▶ _TASK PROMPT_: Which lines of the data contain the string "CONTINUOUS"? Copy every one.

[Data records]
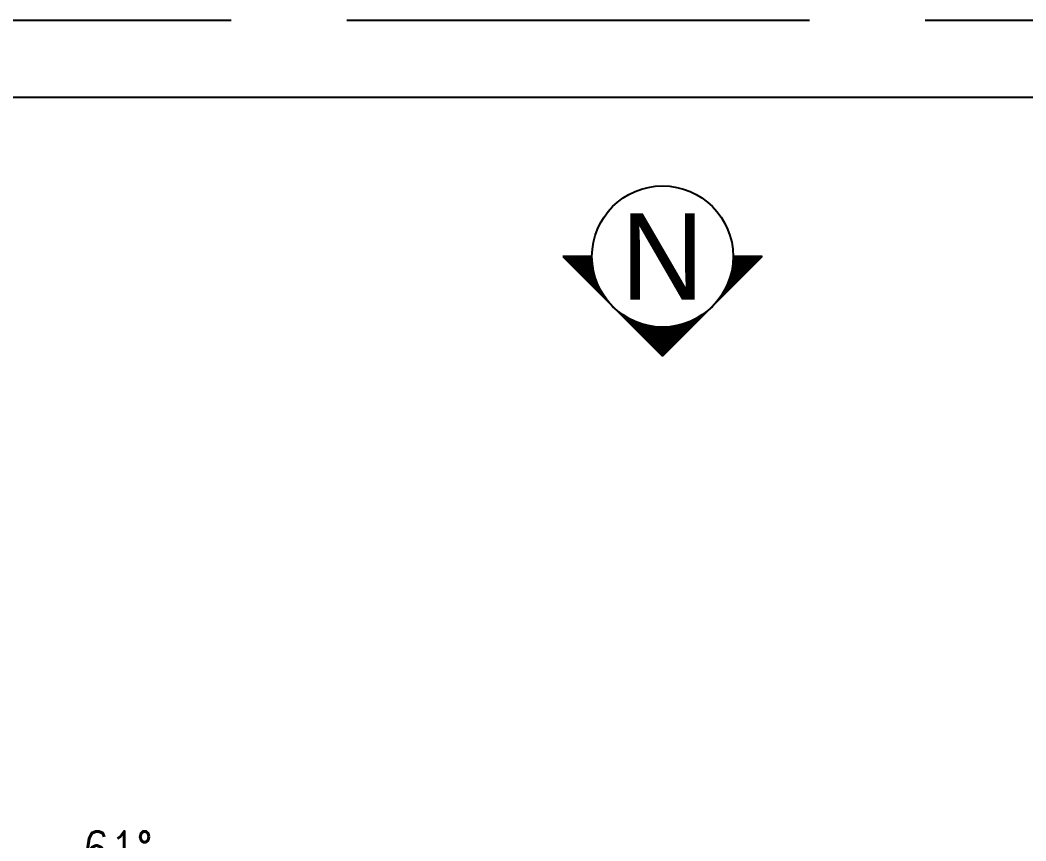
# Model space of a CAD drawing. Extents: x -1889 to 1550, y -1971 to 1122.
# Drawn here: x 543.1 to 699.6, y 772.2 to 900 of the extents above; entities that cross this region are included whole.
import ezdxf
from ezdxf.enums import TextEntityAlignment as Align

# ---------------------------------------------------------------- set-up
doc = ezdxf.new("R2010")
doc.units = 0
doc.header["$LTSCALE"] = 12
doc.header["$MEASUREMENT"] = 0
doc.linetypes.add('AM_ISO02W050', pattern=[7.5, 6, -1.5])
doc.layers.get('0').update_dxf_attribs({"linetype": 'CONTINUOUS'})
doc.layers.get('Defpoints').update_dxf_attribs({"linetype": 'CONTINUOUS'})
doc.layers.add('DIM', color=1, linetype='CONTINUOUS')
doc.styles.add('GOTHICE', font='gothice', dxfattribs={"height": 3})
doc.styles.add('ROMANS', font='ROMANS.shx', dxfattribs={"width": 0.85, "height": 5.76})

# ---------------------------------------------------------------- blocks, each defined once
blk = doc.blocks.new('*X42')
at = {"color": 0}
for p, q in [((457.944, 522.8), (459.527, 522.8)), ((458.024, 522.88), (459.447, 522.88)), ((458.104, 522.96), (459.367, 522.96)), ((458.184, 523.04), (459.287, 523.04)), ((458.264, 523.12), (459.207, 523.12)), ((458.344, 523.2), (459.127, 523.2)), ((458.424, 523.28), (459.047, 523.28)), ((458.504, 523.36), (458.967, 523.36)), ((458.584, 523.44), (458.887, 523.44)), ((458.664, 523.52), (458.807, 523.52)), ((457.144, 522), (460.327, 522)), ((457.224, 522.08), (460.247, 522.08)), ((457.304, 522.16), (460.167, 522.16)), ((457.384, 522.24), (460.087, 522.24)), ((457.464, 522.32), (460.007, 522.32)), ((457.544, 522.4), (459.927, 522.4)), ((457.624, 522.48), (459.847, 522.48)), ((457.704, 522.56), (459.767, 522.56)), ((457.784, 522.64), (459.687, 522.64)), ((457.864, 522.72), (459.607, 522.72)), ((456.344, 521.2), (457.573, 521.2)), ((456.424, 521.28), (458.038, 521.28)), ((456.504, 521.36), (460.967, 521.36)), ((456.584, 521.44), (460.887, 521.44)), ((456.664, 521.52), (460.807, 521.52)), ((456.744, 521.6), (460.727, 521.6)), ((456.824, 521.68), (460.647, 521.68)), ((456.904, 521.76), (460.567, 521.76)), ((456.984, 521.84), (460.487, 521.84)), ((457.064, 521.92), (460.407, 521.92)), ((459.433, 521.28), (461.047, 521.28)), ((459.898, 521.2), (461.127, 521.2)), ((455.544, 520.4), (455.686, 520.4)), ((455.624, 520.48), (455.81, 520.48)), ((455.704, 520.56), (455.941, 520.56)), ((455.784, 520.64), (456.081, 520.64)), ((455.864, 520.72), (456.231, 520.72)), ((455.944, 520.8), (456.394, 520.8)), ((456.024, 520.88), (456.571, 520.88)), ((456.104, 520.96), (456.768, 520.96)), ((456.184, 521.04), (456.991, 521.04)), ((456.264, 521.12), (457.251, 521.12)), ((460.22, 521.12), (461.207, 521.12)), ((460.48, 521.04), (461.287, 521.04)), ((460.703, 520.96), (461.367, 520.96)), ((460.9, 520.88), (461.447, 520.88)), ((461.077, 520.8), (461.527, 520.8)), ((461.24, 520.72), (461.607, 520.72)), ((461.39, 520.64), (461.687, 520.64)), ((461.53, 520.56), (461.767, 520.56)), ((461.661, 520.48), (461.847, 520.48)), ((461.785, 520.4), (461.927, 520.4)), ((455.064, 519.92), (455.068, 519.92)), ((455.144, 520), (455.159, 520)), ((455.224, 520.08), (455.254, 520.08)), ((455.304, 520.16), (455.354, 520.16)), ((455.384, 520.24), (455.459, 520.24)), ((455.464, 520.32), (455.57, 520.32)), ((461.901, 520.32), (462.007, 520.32)), ((462.012, 520.24), (462.087, 520.24)), ((462.117, 520.16), (462.167, 520.16)), ((462.217, 520.08), (462.247, 520.08)), ((462.312, 520), (462.327, 520)), ((462.403, 519.92), (462.407, 519.92)), ((454.024, 518.88), (454.167, 518.88)), ((454.104, 518.96), (454.222, 518.96)), ((454.184, 519.04), (454.278, 519.04)), ((454.264, 519.12), (454.337, 519.12)), ((454.344, 519.2), (454.398, 519.2)), ((454.424, 519.28), (454.461, 519.28)), ((454.504, 519.36), (454.527, 519.36)), ((454.584, 519.44), (454.595, 519.44)), ((454.664, 519.52), (454.666, 519.52)), ((462.805, 519.52), (462.807, 519.52)), ((462.876, 519.44), (462.887, 519.44)), ((462.944, 519.36), (462.967, 519.36)), ((463.01, 519.28), (463.047, 519.28)), ((463.073, 519.2), (463.127, 519.2)), ((463.134, 519.12), (463.207, 519.12)), ((463.193, 519.04), (463.287, 519.04)), ((463.249, 518.96), (463.367, 518.96)), ((463.304, 518.88), (463.447, 518.88)), ((453.224, 518.08), (453.725, 518.08)), ((453.304, 518.16), (453.762, 518.16)), ((453.384, 518.24), (453.8, 518.24)), ((453.464, 518.32), (453.84, 518.32)), ((453.544, 518.4), (453.881, 518.4)), ((453.624, 518.48), (453.925, 518.48)), ((453.704, 518.56), (453.969, 518.56)), ((453.784, 518.64), (454.016, 518.64)), ((453.864, 518.72), (454.065, 518.72)), ((453.944, 518.8), (454.115, 518.8)), ((463.356, 518.8), (463.527, 518.8)), ((463.406, 518.72), (463.607, 518.72)), ((463.455, 518.64), (463.687, 518.64)), ((463.502, 518.56), (463.767, 518.56)), ((463.547, 518.48), (463.847, 518.48)), ((463.59, 518.4), (463.927, 518.4)), ((463.631, 518.32), (464.007, 518.32)), ((463.671, 518.24), (464.087, 518.24)), ((463.709, 518.16), (464.167, 518.16)), ((463.746, 518.08), (464.247, 518.08)), ((452.424, 517.28), (453.439, 517.28)), ((452.504, 517.36), (453.461, 517.36)), ((452.584, 517.44), (453.485, 517.44)), ((452.664, 517.52), (453.51, 517.52)), ((452.744, 517.6), (453.537, 517.6)), ((452.824, 517.68), (453.564, 517.68)), ((452.904, 517.76), (453.594, 517.76)), ((452.984, 517.84), (453.624, 517.84)), ((453.064, 517.92), (453.657, 517.92)), ((453.144, 518), (453.69, 518)), ((463.781, 518), (464.327, 518)), ((463.814, 517.92), (464.407, 517.92)), ((463.847, 517.84), (464.487, 517.84)), ((463.877, 517.76), (464.567, 517.76)), ((463.907, 517.68), (464.647, 517.68)), ((463.934, 517.6), (464.727, 517.6)), ((463.961, 517.52), (464.807, 517.52)), ((463.986, 517.44), (464.887, 517.44)), ((464.01, 517.36), (464.967, 517.36)), ((464.032, 517.28), (465.047, 517.28)), ((451.704, 516.56), (453.293, 516.56)), ((451.784, 516.64), (453.304, 516.64)), ((451.864, 516.72), (453.317, 516.72)), ((451.944, 516.8), (453.33, 516.8)), ((452.024, 516.88), (453.345, 516.88)), ((452.104, 516.96), (453.362, 516.96)), ((452.184, 517.04), (453.379, 517.04)), ((452.264, 517.12), (453.398, 517.12)), ((452.344, 517.2), (453.417, 517.2)), ((464.054, 517.2), (465.127, 517.2)), ((464.073, 517.12), (465.207, 517.12)), ((464.092, 517.04), (465.287, 517.04)), ((464.11, 516.96), (465.367, 516.96)), ((464.126, 516.88), (465.447, 516.88)), ((464.141, 516.8), (465.527, 516.8)), ((464.154, 516.72), (465.607, 516.72)), ((464.167, 516.64), (465.687, 516.64)), ((464.178, 516.56), (465.767, 516.56)), ((450.984, 515.84), (453.245, 515.84)), ((451.064, 515.92), (453.245, 515.92)), ((451.144, 516), (453.247, 516)), ((451.224, 516.08), (453.25, 516.08)), ((451.304, 516.16), (453.254, 516.16)), ((451.384, 516.24), (453.26, 516.24)), ((451.464, 516.32), (453.266, 516.32)), ((451.544, 516.4), (453.274, 516.4)), ((451.624, 516.48), (453.283, 516.48)), ((464.188, 516.48), (465.847, 516.48)), ((464.197, 516.4), (465.927, 516.4)), ((464.205, 516.32), (466.007, 516.32)), ((464.211, 516.24), (466.087, 516.24)), ((464.217, 516.16), (466.167, 516.16)), ((464.221, 516.08), (466.247, 516.08)), ((464.224, 516), (466.327, 516)), ((464.226, 515.92), (466.407, 515.92)), ((464.226, 515.84), (466.487, 515.84))]:
    blk.add_line(p, q, dxfattribs=at)

msp = doc.modelspace()

# ---------------------------------------------------------------- linework, layer by layer
msp.add_line((-24, 888), (1080, 888))
at = {"layer": 'Defpoints', "linetype": 'AM_ISO02W050'}
msp.add_line((-36, 900), (1116, 900), dxfattribs=at)
at = {"layer": 'DIM'}
for p, q in [((627.59294, 863.20439), (643.10809, 847.68923)), ((632.12657, 863.20439), (627.59294, 863.20439)), ((658.62325, 863.20439), (643.10809, 847.68923)), ((658.62325, 863.20439), (654.08962, 863.20439))]:
    msp.add_line(p, q, dxfattribs=at)
msp.add_circle((643.10809, 863.20439), 10.98153, dxfattribs=at)

# ---------------------------------------------------------------- block references
at = {"layer": 'DIM', "xscale": 2.000000015999944, "yscale": 2.000000015999944, "zscale": 2.000000015999944, "rotation": 180}
msp.add_blockref('*X42', (1560.57914, 1894.87189), dxfattribs=at)

# ---------------------------------------------------------------- texts
at = {"layer": 'DIM', "style": 'GOTHICE'}
msp.add_text('N', height=13.43969, dxfattribs=at).set_placement((643.10809, 863.20439), align=Align.MIDDLE)
at = {"layer": 'DIM', "style": 'ROMANS', "width": 0.85}
msp.add_text('61%%D', height=5.76, dxfattribs=at).set_placement((558.30024, 770.81827), align=Align.MIDDLE_CENTER)

doc.saveas('drawing.dxf')

▶ _SOLUTION FOR THIS EXERCISE_:
doc.layers.get('0').update_dxf_attribs({"linetype": 'CONTINUOUS'})
doc.layers.get('Defpoints').update_dxf_attribs({"linetype": 'CONTINUOUS'})
doc.layers.add('DIM', color=1, linetype='CONTINUOUS')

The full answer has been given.